THE TASK: Locate, in the data below, the line that contains "radius of A43" and the line that contains "arc A1 (343.9841, 591.4295)"; reproduce exactly those two lines and every line between them, nothing more.

Recorded data
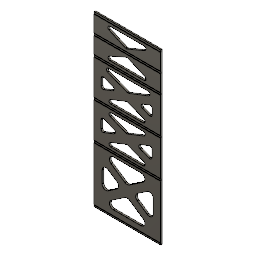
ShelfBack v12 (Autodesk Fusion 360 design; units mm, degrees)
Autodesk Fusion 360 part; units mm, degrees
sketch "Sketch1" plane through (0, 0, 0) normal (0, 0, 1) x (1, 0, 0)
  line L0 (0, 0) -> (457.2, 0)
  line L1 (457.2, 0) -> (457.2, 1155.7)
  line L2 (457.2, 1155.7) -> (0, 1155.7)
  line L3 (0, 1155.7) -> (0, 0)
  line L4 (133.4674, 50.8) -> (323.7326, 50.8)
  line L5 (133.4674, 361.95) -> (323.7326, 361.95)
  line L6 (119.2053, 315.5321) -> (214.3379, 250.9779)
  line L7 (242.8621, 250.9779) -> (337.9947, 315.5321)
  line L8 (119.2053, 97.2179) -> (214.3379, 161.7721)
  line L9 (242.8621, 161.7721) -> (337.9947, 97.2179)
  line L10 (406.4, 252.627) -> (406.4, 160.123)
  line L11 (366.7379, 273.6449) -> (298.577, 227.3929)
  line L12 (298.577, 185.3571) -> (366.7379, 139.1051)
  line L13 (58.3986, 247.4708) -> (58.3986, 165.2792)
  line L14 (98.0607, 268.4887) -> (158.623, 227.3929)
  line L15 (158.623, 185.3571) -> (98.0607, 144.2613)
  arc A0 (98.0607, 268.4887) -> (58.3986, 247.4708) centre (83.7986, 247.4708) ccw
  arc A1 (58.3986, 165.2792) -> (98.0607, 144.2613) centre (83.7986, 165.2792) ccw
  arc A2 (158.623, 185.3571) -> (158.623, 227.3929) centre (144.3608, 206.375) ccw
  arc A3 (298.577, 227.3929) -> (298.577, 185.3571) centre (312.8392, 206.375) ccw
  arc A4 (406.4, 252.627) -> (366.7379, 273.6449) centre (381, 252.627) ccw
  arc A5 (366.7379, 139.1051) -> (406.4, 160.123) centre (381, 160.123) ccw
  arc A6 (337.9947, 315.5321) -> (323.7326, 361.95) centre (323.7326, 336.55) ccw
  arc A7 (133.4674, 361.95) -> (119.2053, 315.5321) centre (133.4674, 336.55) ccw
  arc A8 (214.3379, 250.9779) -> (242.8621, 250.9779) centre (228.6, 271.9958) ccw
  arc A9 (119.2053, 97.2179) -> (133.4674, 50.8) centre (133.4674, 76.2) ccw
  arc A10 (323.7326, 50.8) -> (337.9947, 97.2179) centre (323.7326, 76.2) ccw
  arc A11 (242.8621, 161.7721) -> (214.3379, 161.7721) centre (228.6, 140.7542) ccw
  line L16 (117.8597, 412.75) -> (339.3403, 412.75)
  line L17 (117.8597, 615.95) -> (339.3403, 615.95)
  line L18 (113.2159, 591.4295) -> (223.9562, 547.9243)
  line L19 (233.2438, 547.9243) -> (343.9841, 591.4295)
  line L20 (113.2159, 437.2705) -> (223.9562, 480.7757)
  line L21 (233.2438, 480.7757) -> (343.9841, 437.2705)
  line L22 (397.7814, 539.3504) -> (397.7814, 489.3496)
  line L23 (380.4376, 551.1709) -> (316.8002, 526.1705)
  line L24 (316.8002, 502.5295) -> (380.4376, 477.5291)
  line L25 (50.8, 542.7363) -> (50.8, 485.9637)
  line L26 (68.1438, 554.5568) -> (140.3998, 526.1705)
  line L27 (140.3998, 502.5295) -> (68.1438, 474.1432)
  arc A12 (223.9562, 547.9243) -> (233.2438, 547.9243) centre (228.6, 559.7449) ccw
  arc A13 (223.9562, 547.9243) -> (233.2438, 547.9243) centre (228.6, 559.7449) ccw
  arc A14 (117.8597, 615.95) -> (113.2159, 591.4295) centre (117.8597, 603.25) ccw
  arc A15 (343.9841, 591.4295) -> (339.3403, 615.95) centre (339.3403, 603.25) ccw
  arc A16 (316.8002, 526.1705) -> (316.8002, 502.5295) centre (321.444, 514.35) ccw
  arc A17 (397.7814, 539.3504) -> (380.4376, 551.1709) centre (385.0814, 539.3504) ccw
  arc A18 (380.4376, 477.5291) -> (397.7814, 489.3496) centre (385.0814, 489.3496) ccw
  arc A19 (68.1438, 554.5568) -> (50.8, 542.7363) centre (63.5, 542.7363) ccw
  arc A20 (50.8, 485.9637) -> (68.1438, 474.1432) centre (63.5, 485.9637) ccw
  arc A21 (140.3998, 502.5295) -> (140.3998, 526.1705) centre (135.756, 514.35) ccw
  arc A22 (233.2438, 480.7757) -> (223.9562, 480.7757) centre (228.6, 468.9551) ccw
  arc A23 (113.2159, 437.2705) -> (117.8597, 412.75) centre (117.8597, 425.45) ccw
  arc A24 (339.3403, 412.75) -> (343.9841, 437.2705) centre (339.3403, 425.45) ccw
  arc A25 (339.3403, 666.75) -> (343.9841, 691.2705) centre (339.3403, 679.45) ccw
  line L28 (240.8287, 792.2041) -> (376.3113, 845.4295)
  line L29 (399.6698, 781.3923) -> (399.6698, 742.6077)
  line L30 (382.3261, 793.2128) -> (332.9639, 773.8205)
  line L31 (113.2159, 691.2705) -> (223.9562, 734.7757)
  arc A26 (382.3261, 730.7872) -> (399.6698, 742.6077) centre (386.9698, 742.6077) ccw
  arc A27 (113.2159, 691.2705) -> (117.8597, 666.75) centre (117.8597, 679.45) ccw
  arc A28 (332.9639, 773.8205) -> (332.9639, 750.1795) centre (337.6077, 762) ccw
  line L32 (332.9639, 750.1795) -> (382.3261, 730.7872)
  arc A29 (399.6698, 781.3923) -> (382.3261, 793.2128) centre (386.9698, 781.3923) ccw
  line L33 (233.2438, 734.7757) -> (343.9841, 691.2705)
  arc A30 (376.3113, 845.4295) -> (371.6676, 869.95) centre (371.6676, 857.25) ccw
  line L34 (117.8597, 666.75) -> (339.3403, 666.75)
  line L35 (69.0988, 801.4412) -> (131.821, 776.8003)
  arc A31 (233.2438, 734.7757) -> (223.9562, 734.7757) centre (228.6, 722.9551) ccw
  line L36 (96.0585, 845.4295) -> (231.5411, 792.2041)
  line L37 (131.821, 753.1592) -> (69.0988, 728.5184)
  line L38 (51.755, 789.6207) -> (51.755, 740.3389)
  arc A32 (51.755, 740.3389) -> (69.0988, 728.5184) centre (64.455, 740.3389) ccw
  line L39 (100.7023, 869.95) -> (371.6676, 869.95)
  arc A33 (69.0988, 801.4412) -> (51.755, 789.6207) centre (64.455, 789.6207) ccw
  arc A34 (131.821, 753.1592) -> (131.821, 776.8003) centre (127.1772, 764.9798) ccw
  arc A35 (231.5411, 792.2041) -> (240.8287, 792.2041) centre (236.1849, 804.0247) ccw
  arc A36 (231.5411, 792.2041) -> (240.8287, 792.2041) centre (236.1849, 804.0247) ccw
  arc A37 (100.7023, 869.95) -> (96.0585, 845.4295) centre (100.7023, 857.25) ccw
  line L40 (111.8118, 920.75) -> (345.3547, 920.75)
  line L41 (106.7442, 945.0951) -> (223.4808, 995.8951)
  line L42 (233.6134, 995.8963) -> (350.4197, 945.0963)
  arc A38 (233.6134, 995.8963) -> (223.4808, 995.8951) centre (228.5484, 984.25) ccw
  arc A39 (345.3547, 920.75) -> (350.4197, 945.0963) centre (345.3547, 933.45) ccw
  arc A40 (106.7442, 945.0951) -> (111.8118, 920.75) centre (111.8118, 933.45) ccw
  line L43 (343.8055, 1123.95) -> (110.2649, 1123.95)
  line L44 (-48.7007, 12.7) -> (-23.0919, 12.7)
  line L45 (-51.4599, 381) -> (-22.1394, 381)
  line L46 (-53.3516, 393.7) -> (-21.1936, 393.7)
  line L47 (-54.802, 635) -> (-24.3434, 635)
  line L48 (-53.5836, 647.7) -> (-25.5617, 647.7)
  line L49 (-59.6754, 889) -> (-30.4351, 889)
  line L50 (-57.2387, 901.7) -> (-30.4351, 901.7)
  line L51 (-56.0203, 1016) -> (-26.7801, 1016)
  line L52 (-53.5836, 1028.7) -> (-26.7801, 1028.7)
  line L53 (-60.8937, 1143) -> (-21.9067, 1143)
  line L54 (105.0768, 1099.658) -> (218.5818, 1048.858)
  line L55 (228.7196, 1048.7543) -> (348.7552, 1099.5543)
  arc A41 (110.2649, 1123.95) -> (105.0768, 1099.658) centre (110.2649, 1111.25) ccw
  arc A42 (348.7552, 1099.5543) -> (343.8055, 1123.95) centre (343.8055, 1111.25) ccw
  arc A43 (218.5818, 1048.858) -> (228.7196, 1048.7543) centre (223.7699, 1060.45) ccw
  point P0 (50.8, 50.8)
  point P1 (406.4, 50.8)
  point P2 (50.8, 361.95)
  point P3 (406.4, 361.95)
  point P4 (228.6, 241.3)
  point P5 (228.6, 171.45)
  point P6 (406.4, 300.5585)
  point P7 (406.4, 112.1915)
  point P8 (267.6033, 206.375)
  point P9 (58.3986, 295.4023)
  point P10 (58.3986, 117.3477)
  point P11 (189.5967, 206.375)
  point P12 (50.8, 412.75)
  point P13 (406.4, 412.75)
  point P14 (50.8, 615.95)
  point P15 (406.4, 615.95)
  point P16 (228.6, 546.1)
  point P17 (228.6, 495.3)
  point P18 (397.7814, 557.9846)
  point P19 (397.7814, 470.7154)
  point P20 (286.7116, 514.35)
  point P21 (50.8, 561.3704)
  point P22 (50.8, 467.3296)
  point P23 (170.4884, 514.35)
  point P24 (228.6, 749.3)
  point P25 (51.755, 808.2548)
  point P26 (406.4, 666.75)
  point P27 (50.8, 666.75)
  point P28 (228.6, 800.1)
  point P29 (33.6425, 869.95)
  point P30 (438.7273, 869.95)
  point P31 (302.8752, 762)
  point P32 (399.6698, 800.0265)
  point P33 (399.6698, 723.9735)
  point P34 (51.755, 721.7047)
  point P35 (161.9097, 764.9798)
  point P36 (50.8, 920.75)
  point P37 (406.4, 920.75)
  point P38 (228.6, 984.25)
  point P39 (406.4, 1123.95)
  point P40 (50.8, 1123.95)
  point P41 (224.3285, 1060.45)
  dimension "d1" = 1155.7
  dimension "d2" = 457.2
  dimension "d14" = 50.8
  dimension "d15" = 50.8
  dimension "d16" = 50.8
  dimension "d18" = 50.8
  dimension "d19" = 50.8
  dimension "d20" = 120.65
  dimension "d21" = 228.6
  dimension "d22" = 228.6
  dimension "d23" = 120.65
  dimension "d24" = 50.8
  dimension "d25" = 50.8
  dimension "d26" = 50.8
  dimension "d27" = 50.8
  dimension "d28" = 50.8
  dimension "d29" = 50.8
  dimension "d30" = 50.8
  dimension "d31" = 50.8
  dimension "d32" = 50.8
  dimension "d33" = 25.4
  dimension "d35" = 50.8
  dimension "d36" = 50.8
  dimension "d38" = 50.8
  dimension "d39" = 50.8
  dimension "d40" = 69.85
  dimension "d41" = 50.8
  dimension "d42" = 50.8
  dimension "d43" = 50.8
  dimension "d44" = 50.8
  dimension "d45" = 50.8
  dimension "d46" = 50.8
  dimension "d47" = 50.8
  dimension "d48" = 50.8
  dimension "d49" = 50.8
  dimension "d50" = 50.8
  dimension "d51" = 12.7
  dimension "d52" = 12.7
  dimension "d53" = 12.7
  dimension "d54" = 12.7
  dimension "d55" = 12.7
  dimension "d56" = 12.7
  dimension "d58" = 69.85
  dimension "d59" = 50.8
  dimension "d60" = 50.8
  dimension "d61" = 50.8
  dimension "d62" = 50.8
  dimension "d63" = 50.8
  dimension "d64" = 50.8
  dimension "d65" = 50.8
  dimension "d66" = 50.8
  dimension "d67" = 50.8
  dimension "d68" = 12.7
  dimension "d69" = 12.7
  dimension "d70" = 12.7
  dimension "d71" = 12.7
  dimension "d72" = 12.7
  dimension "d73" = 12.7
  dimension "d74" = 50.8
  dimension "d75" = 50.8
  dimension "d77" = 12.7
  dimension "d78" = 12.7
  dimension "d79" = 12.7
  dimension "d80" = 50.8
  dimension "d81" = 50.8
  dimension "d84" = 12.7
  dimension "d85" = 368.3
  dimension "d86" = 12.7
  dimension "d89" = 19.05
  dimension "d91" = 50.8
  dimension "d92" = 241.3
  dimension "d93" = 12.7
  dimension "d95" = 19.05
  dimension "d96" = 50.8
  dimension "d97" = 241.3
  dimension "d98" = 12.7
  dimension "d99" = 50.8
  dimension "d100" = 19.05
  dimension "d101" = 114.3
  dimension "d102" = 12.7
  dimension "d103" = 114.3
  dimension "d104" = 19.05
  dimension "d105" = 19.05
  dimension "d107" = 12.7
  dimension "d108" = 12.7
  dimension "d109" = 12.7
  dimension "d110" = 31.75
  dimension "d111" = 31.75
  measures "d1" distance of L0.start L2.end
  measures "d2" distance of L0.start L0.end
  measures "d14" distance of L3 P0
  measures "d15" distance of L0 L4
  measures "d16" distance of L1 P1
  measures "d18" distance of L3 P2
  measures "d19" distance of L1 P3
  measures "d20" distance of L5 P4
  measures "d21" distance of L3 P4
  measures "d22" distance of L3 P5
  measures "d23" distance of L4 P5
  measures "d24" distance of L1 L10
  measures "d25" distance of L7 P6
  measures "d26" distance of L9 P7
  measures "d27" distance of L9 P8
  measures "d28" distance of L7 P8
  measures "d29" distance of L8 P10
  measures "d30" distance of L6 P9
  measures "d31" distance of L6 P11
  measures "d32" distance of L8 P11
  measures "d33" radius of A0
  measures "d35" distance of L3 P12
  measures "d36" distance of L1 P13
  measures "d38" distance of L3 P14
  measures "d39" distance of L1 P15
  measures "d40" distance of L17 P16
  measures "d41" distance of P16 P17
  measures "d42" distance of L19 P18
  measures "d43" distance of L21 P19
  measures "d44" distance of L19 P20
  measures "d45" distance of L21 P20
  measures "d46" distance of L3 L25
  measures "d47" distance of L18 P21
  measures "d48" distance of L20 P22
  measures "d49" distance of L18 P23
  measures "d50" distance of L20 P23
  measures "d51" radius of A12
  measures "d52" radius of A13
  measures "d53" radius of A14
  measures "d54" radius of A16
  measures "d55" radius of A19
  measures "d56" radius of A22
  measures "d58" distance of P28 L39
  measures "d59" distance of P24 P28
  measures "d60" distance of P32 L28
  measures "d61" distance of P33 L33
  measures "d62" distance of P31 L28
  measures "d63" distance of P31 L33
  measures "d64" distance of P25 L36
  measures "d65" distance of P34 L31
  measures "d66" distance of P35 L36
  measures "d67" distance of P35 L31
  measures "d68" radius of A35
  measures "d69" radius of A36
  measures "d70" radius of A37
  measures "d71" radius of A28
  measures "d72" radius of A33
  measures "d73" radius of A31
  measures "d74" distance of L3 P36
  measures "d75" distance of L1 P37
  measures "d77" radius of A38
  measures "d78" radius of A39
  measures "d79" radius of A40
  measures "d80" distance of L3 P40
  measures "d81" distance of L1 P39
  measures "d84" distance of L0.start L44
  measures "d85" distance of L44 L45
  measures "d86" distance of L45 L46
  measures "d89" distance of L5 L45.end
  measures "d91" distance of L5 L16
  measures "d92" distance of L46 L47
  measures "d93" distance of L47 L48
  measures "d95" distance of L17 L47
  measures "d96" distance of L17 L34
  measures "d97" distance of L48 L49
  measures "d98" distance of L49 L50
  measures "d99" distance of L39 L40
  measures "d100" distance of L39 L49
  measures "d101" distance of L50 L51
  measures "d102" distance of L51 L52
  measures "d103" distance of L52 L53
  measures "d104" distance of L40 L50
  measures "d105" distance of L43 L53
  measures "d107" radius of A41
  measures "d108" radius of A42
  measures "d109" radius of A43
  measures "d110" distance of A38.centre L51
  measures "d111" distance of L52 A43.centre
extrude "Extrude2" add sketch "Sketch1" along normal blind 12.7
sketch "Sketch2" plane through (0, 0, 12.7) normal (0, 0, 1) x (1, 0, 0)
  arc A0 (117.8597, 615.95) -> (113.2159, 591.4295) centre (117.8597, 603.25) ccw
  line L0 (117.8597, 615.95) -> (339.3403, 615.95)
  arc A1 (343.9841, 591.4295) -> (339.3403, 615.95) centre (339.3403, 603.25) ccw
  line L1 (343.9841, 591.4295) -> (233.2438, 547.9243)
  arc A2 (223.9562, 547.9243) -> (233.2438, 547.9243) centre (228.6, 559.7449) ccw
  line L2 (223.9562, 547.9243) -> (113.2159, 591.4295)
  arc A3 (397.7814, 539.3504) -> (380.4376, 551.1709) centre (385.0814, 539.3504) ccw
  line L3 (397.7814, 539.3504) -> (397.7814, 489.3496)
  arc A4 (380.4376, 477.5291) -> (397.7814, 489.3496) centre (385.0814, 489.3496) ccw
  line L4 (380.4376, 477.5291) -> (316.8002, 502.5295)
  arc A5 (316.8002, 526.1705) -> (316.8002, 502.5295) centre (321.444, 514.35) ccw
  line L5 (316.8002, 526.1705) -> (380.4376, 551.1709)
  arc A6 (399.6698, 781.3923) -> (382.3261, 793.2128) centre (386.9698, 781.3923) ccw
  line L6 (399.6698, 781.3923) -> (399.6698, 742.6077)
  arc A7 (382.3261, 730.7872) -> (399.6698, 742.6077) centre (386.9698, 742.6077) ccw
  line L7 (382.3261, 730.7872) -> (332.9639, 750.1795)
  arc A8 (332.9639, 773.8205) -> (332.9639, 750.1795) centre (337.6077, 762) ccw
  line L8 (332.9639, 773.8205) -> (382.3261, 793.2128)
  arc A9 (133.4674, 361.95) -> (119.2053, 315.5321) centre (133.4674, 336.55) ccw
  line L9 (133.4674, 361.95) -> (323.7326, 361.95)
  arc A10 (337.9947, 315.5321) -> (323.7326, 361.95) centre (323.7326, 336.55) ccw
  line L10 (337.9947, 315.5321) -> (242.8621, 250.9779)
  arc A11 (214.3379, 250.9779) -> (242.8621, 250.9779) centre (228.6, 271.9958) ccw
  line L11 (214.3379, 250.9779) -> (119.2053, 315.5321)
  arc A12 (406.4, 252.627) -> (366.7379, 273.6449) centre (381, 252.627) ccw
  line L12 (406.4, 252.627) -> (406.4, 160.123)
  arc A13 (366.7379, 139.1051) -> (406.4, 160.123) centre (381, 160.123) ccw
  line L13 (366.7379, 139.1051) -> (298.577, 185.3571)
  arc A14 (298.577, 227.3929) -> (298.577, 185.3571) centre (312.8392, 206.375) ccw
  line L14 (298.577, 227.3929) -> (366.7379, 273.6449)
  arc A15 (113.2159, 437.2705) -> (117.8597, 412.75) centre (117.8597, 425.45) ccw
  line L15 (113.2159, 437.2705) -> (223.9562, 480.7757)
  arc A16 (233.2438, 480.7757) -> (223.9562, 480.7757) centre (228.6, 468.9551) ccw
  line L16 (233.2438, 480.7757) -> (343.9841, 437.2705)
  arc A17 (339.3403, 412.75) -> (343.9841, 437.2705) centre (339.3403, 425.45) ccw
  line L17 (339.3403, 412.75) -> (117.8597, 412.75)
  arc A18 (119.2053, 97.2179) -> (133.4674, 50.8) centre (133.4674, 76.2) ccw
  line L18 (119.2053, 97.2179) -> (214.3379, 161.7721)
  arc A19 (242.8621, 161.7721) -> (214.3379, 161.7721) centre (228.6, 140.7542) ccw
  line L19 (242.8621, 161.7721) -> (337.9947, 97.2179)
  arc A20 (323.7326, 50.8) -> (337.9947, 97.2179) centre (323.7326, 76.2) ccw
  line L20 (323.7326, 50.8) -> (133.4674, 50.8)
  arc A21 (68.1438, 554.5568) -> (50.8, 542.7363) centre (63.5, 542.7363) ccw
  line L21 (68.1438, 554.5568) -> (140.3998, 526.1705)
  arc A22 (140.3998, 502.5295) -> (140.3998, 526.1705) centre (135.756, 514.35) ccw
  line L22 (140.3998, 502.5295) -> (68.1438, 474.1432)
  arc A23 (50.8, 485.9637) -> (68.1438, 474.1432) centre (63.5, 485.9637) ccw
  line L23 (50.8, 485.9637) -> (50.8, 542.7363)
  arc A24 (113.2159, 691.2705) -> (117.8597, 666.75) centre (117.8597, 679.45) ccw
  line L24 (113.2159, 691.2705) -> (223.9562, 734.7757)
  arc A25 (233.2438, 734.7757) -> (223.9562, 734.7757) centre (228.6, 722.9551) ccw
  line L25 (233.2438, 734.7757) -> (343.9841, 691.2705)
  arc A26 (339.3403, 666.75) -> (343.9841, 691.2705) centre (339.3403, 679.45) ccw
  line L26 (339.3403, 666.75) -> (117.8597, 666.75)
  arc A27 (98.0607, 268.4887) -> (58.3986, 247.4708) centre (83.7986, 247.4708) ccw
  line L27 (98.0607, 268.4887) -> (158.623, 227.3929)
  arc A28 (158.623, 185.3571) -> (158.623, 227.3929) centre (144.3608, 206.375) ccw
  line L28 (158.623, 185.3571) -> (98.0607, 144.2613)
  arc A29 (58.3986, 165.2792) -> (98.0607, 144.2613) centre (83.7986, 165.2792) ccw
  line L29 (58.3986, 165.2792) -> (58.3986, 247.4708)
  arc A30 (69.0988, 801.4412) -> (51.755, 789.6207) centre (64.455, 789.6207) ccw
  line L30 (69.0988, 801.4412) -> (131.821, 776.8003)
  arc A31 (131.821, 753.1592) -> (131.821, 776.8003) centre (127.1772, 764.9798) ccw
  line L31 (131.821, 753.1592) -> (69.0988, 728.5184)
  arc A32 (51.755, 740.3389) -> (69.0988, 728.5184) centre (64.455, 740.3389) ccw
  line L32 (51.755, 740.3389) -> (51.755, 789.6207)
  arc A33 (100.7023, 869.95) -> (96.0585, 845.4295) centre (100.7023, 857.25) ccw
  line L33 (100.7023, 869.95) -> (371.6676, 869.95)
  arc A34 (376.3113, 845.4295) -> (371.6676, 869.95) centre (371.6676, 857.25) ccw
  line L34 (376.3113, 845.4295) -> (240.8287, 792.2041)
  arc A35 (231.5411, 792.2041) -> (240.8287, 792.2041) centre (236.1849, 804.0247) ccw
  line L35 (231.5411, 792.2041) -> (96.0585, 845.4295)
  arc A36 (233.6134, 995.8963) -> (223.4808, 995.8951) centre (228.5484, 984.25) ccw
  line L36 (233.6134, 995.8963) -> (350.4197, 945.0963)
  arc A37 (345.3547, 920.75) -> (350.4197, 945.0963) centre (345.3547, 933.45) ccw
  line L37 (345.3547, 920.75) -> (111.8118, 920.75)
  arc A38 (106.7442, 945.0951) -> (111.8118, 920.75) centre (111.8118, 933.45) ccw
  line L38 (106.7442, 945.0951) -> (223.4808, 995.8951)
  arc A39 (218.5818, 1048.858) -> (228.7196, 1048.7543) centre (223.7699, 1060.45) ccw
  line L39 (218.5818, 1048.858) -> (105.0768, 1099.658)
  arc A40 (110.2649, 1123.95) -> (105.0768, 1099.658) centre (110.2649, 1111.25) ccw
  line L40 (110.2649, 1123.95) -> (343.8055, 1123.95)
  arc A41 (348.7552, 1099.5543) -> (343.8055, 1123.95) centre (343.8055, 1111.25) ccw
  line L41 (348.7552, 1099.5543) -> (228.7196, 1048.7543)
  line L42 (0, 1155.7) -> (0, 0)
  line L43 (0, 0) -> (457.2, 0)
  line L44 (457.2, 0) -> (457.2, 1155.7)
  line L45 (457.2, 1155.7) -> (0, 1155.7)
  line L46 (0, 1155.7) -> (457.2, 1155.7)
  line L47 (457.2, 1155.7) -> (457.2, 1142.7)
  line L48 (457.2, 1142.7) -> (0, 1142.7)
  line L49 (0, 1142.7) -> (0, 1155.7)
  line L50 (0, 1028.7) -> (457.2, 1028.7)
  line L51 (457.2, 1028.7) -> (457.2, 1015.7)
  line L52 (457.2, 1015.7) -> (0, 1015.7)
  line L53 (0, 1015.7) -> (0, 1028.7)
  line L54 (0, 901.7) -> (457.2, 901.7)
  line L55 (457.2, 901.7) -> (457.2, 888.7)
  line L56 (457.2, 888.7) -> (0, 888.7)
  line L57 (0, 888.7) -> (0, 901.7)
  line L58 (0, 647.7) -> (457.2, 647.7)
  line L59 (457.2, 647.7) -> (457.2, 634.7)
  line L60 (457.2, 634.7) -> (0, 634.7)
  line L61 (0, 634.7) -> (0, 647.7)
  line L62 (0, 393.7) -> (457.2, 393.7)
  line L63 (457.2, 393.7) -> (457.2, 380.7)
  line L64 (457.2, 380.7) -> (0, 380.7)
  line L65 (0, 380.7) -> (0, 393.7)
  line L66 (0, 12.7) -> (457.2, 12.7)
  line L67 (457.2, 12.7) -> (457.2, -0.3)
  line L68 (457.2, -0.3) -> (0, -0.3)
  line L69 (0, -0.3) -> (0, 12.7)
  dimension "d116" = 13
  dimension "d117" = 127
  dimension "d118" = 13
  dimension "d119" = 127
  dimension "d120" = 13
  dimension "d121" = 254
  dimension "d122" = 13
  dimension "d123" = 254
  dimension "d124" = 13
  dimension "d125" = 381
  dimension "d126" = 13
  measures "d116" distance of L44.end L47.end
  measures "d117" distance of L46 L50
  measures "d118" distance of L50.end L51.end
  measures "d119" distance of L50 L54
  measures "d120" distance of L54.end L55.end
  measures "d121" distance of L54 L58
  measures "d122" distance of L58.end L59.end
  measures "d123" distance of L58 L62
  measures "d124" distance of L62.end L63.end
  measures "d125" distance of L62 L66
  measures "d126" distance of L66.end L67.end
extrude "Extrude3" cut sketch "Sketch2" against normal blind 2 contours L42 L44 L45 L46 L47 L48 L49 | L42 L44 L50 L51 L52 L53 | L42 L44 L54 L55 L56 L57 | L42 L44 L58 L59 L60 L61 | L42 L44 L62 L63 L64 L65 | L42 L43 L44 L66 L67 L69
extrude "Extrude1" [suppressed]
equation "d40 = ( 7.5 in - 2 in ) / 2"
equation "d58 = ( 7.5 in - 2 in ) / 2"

ANSWER AREA:
  measures "d109" radius of A43
  measures "d110" distance of A38.centre L51
  measures "d111" distance of L52 A43.centre
extrude "Extrude2" add sketch "Sketch1" along normal blind 12.7
sketch "Sketch2" plane through (0, 0, 12.7) normal (0, 0, 1) x (1, 0, 0)
  arc A0 (117.8597, 615.95) -> (113.2159, 591.4295) centre (117.8597, 603.25) ccw
  line L0 (117.8597, 615.95) -> (339.3403, 615.95)
  arc A1 (343.9841, 591.4295) -> (339.3403, 615.95) centre (339.3403, 603.25) ccw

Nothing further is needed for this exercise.